Permissions and their propagation

The permission management system is at the heart of the platform, and is based on the following principles.

Basics on permissions

The two main entities of concern for permissions are “groups” and “items”. Groups are being granted permissions on items.

“Given” permissions

Groups may be given permissions on items (permissions_granted table) by a group manager or by the platform as a reward for solving an exercise.

When they first arrive on the platform, users are automatically added to groups that have some permissions on some items. This is how they gain access to the public content when they arrive on the platform. Users may also be added automatically to groups based on other criteria, such as being a verified teacher. Finally, users may join groups voluntarily (using a code, by invitation or on request). The groups a user belongs to will determine what permissions he has.

Propagation

Permissions of a group to an item are propagated to the descendants of the groups (but not from a group of type Team to its members), and (under some conditions) to the descendants of the items.

Key-concept Permission propagation from a parent group to its descendants is implicit. So if a user is part of a group, he has the same permissions as the group (except from team to users where no permission is propagated). On the other hand, permission propagation from a parent item to its descendants is explicit, i.e., new entries in the groups_items table are created each time new permissions are given to propagate these rights to the children.

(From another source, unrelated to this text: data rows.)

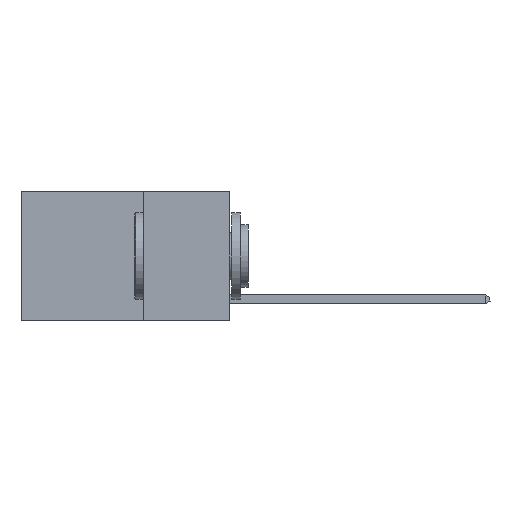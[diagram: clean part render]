
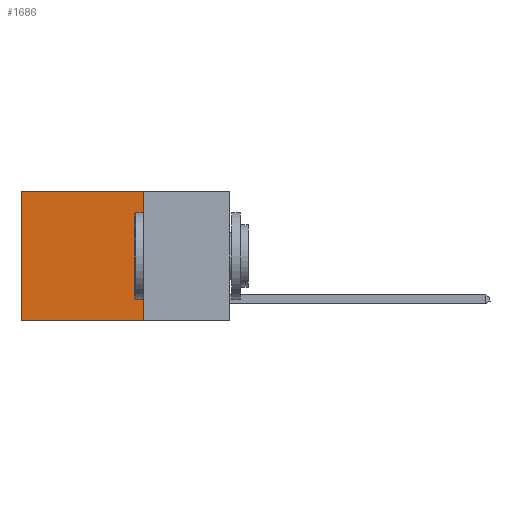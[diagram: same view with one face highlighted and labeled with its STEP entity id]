
A CAD part, left-side view. The second image highlights one B-rep face of the part: STEP entity #1686.
In plain terms, the highlighted planar face has unit normal (-1, 0, 0).
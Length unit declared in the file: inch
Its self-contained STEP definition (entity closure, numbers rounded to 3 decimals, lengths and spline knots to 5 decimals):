
#619 = VERTEX_POINT ( 'NONE', #11398 ) ;
#1463 = LINE ( 'NONE', #16435, #8508 ) ;
#1686 = ADVANCED_FACE ( 'NONE', ( #5310 ), #5502, .F. ) ;
#1893 = LINE ( 'NONE', #14230, #3769 ) ;
#2054 = ORIENTED_EDGE ( 'NONE', *, *, #6310, .F. ) ;
#2945 = DIRECTION ( 'NONE',  ( 1., 0., 0. ) ) ;
#2976 = LINE ( 'NONE', #3069, #7904 ) ;
#3069 = CARTESIAN_POINT ( 'NONE',  ( 0.2625, 0.25, 0. ) ) ;
#3769 = VECTOR ( 'NONE', #11504, 39.37008 ) ;
#4717 = VERTEX_POINT ( 'NONE', #12493 ) ;
#4881 = ORIENTED_EDGE ( 'NONE', *, *, #17741, .F. ) ;
#5310 = FACE_OUTER_BOUND ( 'NONE', #10355, .T. ) ;
#5502 = PLANE ( 'NONE',  #8648 ) ;
#6310 = EDGE_CURVE ( 'NONE', #4717, #619, #1463, .T. ) ;
#6524 = EDGE_CURVE ( 'NONE', #17655, #619, #10236, .T. ) ;
#7904 = VECTOR ( 'NONE', #8703, 39.37008 ) ;
#8248 = CARTESIAN_POINT ( 'NONE',  ( 0.2625, 0.25, 0. ) ) ;
#8508 = VECTOR ( 'NONE', #9697, 39.37008 ) ;
#8642 = CARTESIAN_POINT ( 'NONE',  ( 0.2625, 0.25, 0. ) ) ;
#8648 = AXIS2_PLACEMENT_3D ( 'NONE', #8248, #2945, #15239 ) ;
#8703 = DIRECTION ( 'NONE',  ( 0., 0., -1. ) ) ;
#9697 = DIRECTION ( 'NONE',  ( 0., 1., 0. ) ) ;
#9764 = ORIENTED_EDGE ( 'NONE', *, *, #13159, .T. ) ;
#9962 = CARTESIAN_POINT ( 'NONE',  ( 0.2625, 0.6, 0. ) ) ;
#10236 = LINE ( 'NONE', #9962, #12568 ) ;
#10355 = EDGE_LOOP ( 'NONE', ( #15609, #2054, #4881, #9764 ) ) ;
#11023 = VERTEX_POINT ( 'NONE', #8642 ) ;
#11398 = CARTESIAN_POINT ( 'NONE',  ( 0.2625, 0.6, -0.37 ) ) ;
#11504 = DIRECTION ( 'NONE',  ( 0., 1., 0. ) ) ;
#12493 = CARTESIAN_POINT ( 'NONE',  ( 0.2625, 0.25, -0.37 ) ) ;
#12568 = VECTOR ( 'NONE', #17066, 39.37008 ) ;
#12705 = CARTESIAN_POINT ( 'NONE',  ( 0.2625, 0.6, 0. ) ) ;
#13159 = EDGE_CURVE ( 'NONE', #11023, #17655, #1893, .T. ) ;
#14230 = CARTESIAN_POINT ( 'NONE',  ( 0.2625, 0.25, 0. ) ) ;
#15239 = DIRECTION ( 'NONE',  ( 0., 0., -1. ) ) ;
#15609 = ORIENTED_EDGE ( 'NONE', *, *, #6524, .T. ) ;
#16435 = CARTESIAN_POINT ( 'NONE',  ( 0.2625, 0.25, -0.37 ) ) ;
#17066 = DIRECTION ( 'NONE',  ( 0., 0., -1. ) ) ;
#17655 = VERTEX_POINT ( 'NONE', #12705 ) ;
#17741 = EDGE_CURVE ( 'NONE', #11023, #4717, #2976, .T. ) ;
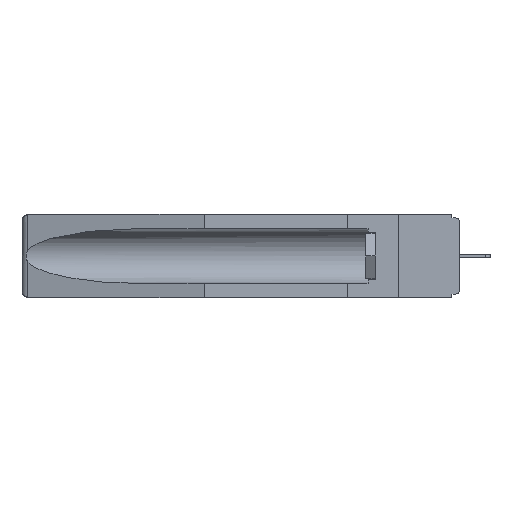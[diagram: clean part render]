
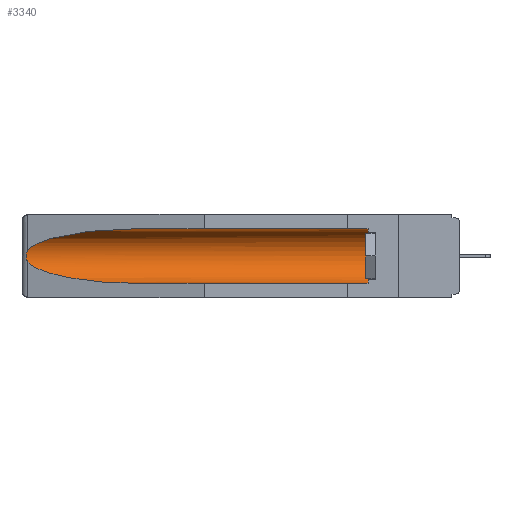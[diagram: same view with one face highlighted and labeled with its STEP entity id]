
A CAD part, left-side view. The second image highlights one B-rep face of the part: STEP entity #3340.
In plain terms, the highlighted cylindrical face has radius 2.857 mm (diameter 5.715 mm), a partial arc.
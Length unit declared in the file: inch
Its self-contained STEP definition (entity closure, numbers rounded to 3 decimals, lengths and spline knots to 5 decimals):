
#13 =( BOUNDED_CURVE ( )  B_SPLINE_CURVE ( 3, ( #2421, #1027, #12407, #10929 ),
 .UNSPECIFIED., .F., .F. ) 
 B_SPLINE_CURVE_WITH_KNOTS ( ( 4, 4 ),
 ( 0.1948, 1.5708 ),
 .UNSPECIFIED. ) 
 CURVE ( )  GEOMETRIC_REPRESENTATION_ITEM ( )  RATIONAL_B_SPLINE_CURVE ( ( 1., 0.848, 0.848, 1. ) ) 
 REPRESENTATION_ITEM ( '' )  );
#495 = DIRECTION ( 'NONE',  ( 0., 1., 0. ) ) ;
#580 = CARTESIAN_POINT ( 'NONE',  ( 0.26537, 1.52718, -0.19328 ) ) ;
#677 = CARTESIAN_POINT ( 'NONE',  ( 0.26655, 1.53094, -0.18657 ) ) ;
#879 = EDGE_CURVE ( 'NONE', #16875, #4486, #13, .T. ) ;
#1027 = CARTESIAN_POINT ( 'NONE',  ( 0.25451, 1.48313, -0.24835 ) ) ;
#1100 = CARTESIAN_POINT ( 'NONE',  ( 0.155, 1.07973, -0.059 ) ) ;
#1591 = VERTEX_POINT ( 'NONE', #17173 ) ;
#2042 = B_SPLINE_CURVE_WITH_KNOTS ( 'NONE', 3,
 ( #10490, #7521, #12054, #6397, #16291, #3643, #3366, #677, #9276, #580 ),
 .UNSPECIFIED., .F., .F.,
 ( 4, 2, 2, 2, 4 ),
 ( 0., 0.00029, 0.00058, 0.00087, 0.00117 ),
 .UNSPECIFIED. ) ;
#2421 = CARTESIAN_POINT ( 'NONE',  ( 0.26537, 1.52718, -0.19328 ) ) ;
#2600 = ORIENTED_EDGE ( 'NONE', *, *, #11860, .T. ) ;
#3340 = ADVANCED_FACE ( 'NONE', ( #6234 ), #15934, .F. ) ;
#3366 = CARTESIAN_POINT ( 'NONE',  ( 0.2673, 1.53269, -0.17917 ) ) ;
#3642 = CARTESIAN_POINT ( 'NONE',  ( 0.155, 1.07973, -0.059 ) ) ;
#3643 = CARTESIAN_POINT ( 'NONE',  ( 0.2675, 1.53308, -0.17534 ) ) ;
#4017 = EDGE_LOOP ( 'NONE', ( #13139, #4183, #8724, #12239, #2600, #13650 ) ) ;
#4183 = ORIENTED_EDGE ( 'NONE', *, *, #8190, .T. ) ;
#4486 = VERTEX_POINT ( 'NONE', #12028 ) ;
#4646 = EDGE_CURVE ( 'NONE', #17524, #1591, #16412, .T. ) ;
#5742 = CARTESIAN_POINT ( 'NONE',  ( 0.155, 0.126, -0.284 ) ) ;
#6234 = FACE_OUTER_BOUND ( 'NONE', #4017, .T. ) ;
#6397 = CARTESIAN_POINT ( 'NONE',  ( 0.2673, 1.5327, -0.16383 ) ) ;
#7015 = LINE ( 'NONE', #7115, #11719 ) ;
#7085 = CIRCLE ( 'NONE', #7387, 0.1125 ) ;
#7115 = CARTESIAN_POINT ( 'NONE',  ( 0.155, -0.30754, -0.059 ) ) ;
#7187 = CARTESIAN_POINT ( 'NONE',  ( 0.26537, 1.52718, -0.19328 ) ) ;
#7387 = AXIS2_PLACEMENT_3D ( 'NONE', #8298, #12547, #16876 ) ;
#7521 = CARTESIAN_POINT ( 'NONE',  ( 0.26597, 1.52961, -0.15275 ) ) ;
#7585 = LINE ( 'NONE', #10275, #8716 ) ;
#8052 = CARTESIAN_POINT ( 'NONE',  ( 0.25451, 1.48313, -0.09465 ) ) ;
#8190 = EDGE_CURVE ( 'NONE', #1591, #16875, #2042, .T. ) ;
#8298 = CARTESIAN_POINT ( 'NONE',  ( 0.155, 0.126, -0.1715 ) ) ;
#8716 = VECTOR ( 'NONE', #11851, 39.37008 ) ;
#8724 = ORIENTED_EDGE ( 'NONE', *, *, #879, .T. ) ;
#9019 = CARTESIAN_POINT ( 'NONE',  ( 0.155, -0.30754, -0.1715 ) ) ;
#9276 = CARTESIAN_POINT ( 'NONE',  ( 0.26597, 1.5296, -0.19026 ) ) ;
#10275 = CARTESIAN_POINT ( 'NONE',  ( 0.155, -0.30754, -0.284 ) ) ;
#10490 = CARTESIAN_POINT ( 'NONE',  ( 0.26537, 1.52718, -0.14972 ) ) ;
#10911 = CARTESIAN_POINT ( 'NONE',  ( 0.21114, 1.30732, -0.059 ) ) ;
#10929 = CARTESIAN_POINT ( 'NONE',  ( 0.155, 1.07973, -0.284 ) ) ;
#11719 = VECTOR ( 'NONE', #12851, 39.37008 ) ;
#11851 = DIRECTION ( 'NONE',  ( 0., 1., 0. ) ) ;
#11853 = VERTEX_POINT ( 'NONE', #15397 ) ;
#11860 = EDGE_CURVE ( 'NONE', #17638, #11853, #7085, .T. ) ;
#12028 = CARTESIAN_POINT ( 'NONE',  ( 0.155, 1.07973, -0.284 ) ) ;
#12054 = CARTESIAN_POINT ( 'NONE',  ( 0.26654, 1.53092, -0.15636 ) ) ;
#12239 = ORIENTED_EDGE ( 'NONE', *, *, #14386, .F. ) ;
#12407 = CARTESIAN_POINT ( 'NONE',  ( 0.21114, 1.30732, -0.284 ) ) ;
#12487 = CARTESIAN_POINT ( 'NONE',  ( 0.26537, 1.52718, -0.14972 ) ) ;
#12547 = DIRECTION ( 'NONE',  ( 0., -1., 0. ) ) ;
#12851 = DIRECTION ( 'NONE',  ( 0., 1., 0. ) ) ;
#13139 = ORIENTED_EDGE ( 'NONE', *, *, #4646, .T. ) ;
#13650 = ORIENTED_EDGE ( 'NONE', *, *, #15971, .T. ) ;
#13949 = AXIS2_PLACEMENT_3D ( 'NONE', #9019, #495, #15746 ) ;
#14386 = EDGE_CURVE ( 'NONE', #17638, #4486, #7585, .T. ) ;
#15397 = CARTESIAN_POINT ( 'NONE',  ( 0.155, 0.126, -0.059 ) ) ;
#15746 = DIRECTION ( 'NONE',  ( 0., 0., 1. ) ) ;
#15934 = CYLINDRICAL_SURFACE ( 'NONE', #13949, 0.1125 ) ;
#15971 = EDGE_CURVE ( 'NONE', #11853, #17524, #7015, .T. ) ;
#16291 = CARTESIAN_POINT ( 'NONE',  ( 0.2675, 1.53308, -0.16763 ) ) ;
#16412 =( BOUNDED_CURVE ( )  B_SPLINE_CURVE ( 3, ( #1100, #10911, #8052, #12487 ),
 .UNSPECIFIED., .F., .T. ) 
 B_SPLINE_CURVE_WITH_KNOTS ( ( 4, 4 ),
 ( 4.71239, 6.08839 ),
 .UNSPECIFIED. ) 
 CURVE ( )  GEOMETRIC_REPRESENTATION_ITEM ( )  RATIONAL_B_SPLINE_CURVE ( ( 1., 0.848, 0.848, 1. ) ) 
 REPRESENTATION_ITEM ( '' )  );
#16875 = VERTEX_POINT ( 'NONE', #7187 ) ;
#16876 = DIRECTION ( 'NONE',  ( 0., 0., 1. ) ) ;
#17173 = CARTESIAN_POINT ( 'NONE',  ( 0.26537, 1.52718, -0.14972 ) ) ;
#17524 = VERTEX_POINT ( 'NONE', #3642 ) ;
#17638 = VERTEX_POINT ( 'NONE', #5742 ) ;

The propagation through items follows specific rules described in this page.

Specific permissions

Granting additional time for timed activities

In order for a user to be able to grant (or change) additional time given to a group, for a timed item, the user needs:

  • “can_grant_view ≥ enter” on the timed item
  • “can_watch ≥ result” on the timed item
  • to be a manager of the group with “can_grant_group_access” and “can_watch_members”

Permissions to view other’s permissions

In order for a User to view another permission given by GroupSource to Group on Item, the user requires:

  • either the permission to watch Item (“can_watch ≥ result”) and to watch Group (“can_watch_members” on an ancestor of Group).
  • or the permission to grant permission on Item (“can_grant_view ≥ enter”) and to grant permission to Group (“can_grant_group_access” of an ancestor of Group).